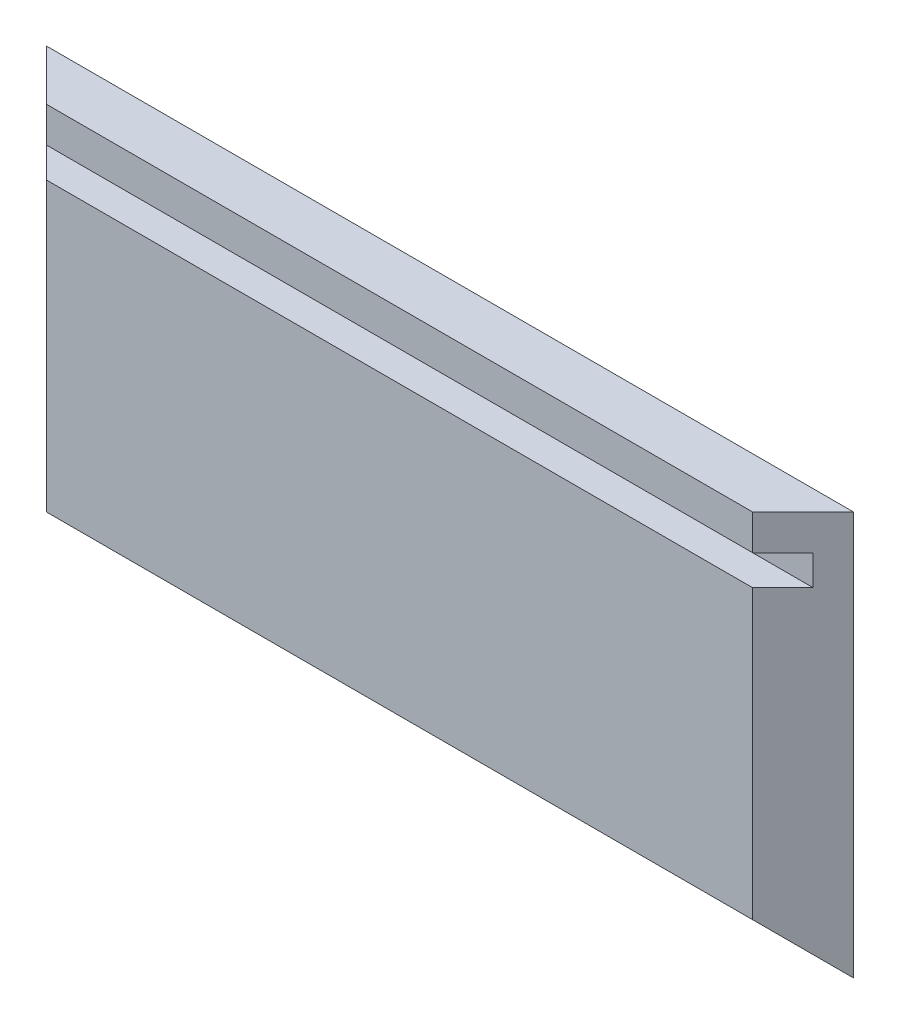
SolidWorks part; units mm, degrees
ref_plane "Front Plane" through (0, 0, 0) normal (0, 0, 1) x (1, 0, 0)
ref_plane "Top Plane" through (0, 0, 0) normal (0, 1, 0) x (1, 0, 0)
ref_plane "Right Plane" through (0, 0, 0) normal (1, 0, 0) x (0, 0, -1)
sketch "Sketch3" plane through (0, 0, 0) normal (0, 1, 0) x (1, 0, 0)
  line L0 (-40, 2.5) -> (-35, -2.5)
  line L1 (-40, 2.5) -> (40, 2.5)
  line L2 (-40, 2.5) -> (-40, -2.5) construction
  line L3 (-35, -2.5) -> (35, -2.5)
  line L4 (40, 2.5) -> (40, -2.5) construction
  line L5 (-40, 2.5) -> (40, -2.5) construction
  line L6 (-40, -2.5) -> (40, 2.5) construction
  line L7 (40, 2.5) -> (35, -2.5)
  point P0 (0, 0)
  dimension "D1" = 5
  dimension "D2" = 80
  dimension "D3" = 45
  dimension "D4" = 45
extrude "Boss-Extrude2" add sketch "Sketch3" along normal blind 40
sketch "Sketch4" plane through (0, 0, 0) normal (1, 0, 0) x (0, 0, -1)
  line L0 (-2.5, 0) -> (2.5, 0) construction
  line L1 (-2.5, 0) -> (2.5, 0)
  line L2 (2.5, 0) -> (-2.5, 5)
  line L3 (-2.5, 40) -> (-2.5, 0) construction
  line L4 (-2.5, 5) -> (-2.5, 0)
  dimension "D1" = 45
extrude "Cut-Extrude1" cut sketch "Sketch4" against normal through all both and the other way through all
sketch "Sketch7" plane through (0, 0, 0) normal (1, 0, 0) x (0, 0, -1)
  line L0 (2.5, 40) -> (2.5, 0) construction
  line L2 (-2.5, 36.5) -> (-2.5, 33.5) construction
  line L4 (2.5, 40) -> (2.5, 30) construction
  line L5 (-2.5, 35) -> (2.5, 35) construction
  line L6 (-2.5, 36.5) -> (0.5, 36.5)
  line L7 (-2.5, 33.5) -> (0.5, 33.5)
  line L8 (0.5, 36.5) -> (0.5, 33.5)
  line L9 (-2.5, 36.5) -> (-2.5, 33.5)
  dimension "D1" = 10
  dimension "D2" = 1.5
  dimension "D3" = 3
extrude "Cut-Extrude2" cut sketch "Sketch7" against normal through all both and the other way through all

------------------------------------------------------------------------

Problem to solve: From the listing, reproduce every line where the word "normal" is present.

Solution to the problem:
ref_plane "Front Plane" through (0, 0, 0) normal (0, 0, 1) x (1, 0, 0)
ref_plane "Top Plane" through (0, 0, 0) normal (0, 1, 0) x (1, 0, 0)
ref_plane "Right Plane" through (0, 0, 0) normal (1, 0, 0) x (0, 0, -1)
sketch "Sketch3" plane through (0, 0, 0) normal (0, 1, 0) x (1, 0, 0)
extrude "Boss-Extrude2" add sketch "Sketch3" along normal blind 40
sketch "Sketch4" plane through (0, 0, 0) normal (1, 0, 0) x (0, 0, -1)
extrude "Cut-Extrude1" cut sketch "Sketch4" against normal through all both and the other way through all
sketch "Sketch7" plane through (0, 0, 0) normal (1, 0, 0) x (0, 0, -1)
extrude "Cut-Extrude2" cut sketch "Sketch7" against normal through all both and the other way through all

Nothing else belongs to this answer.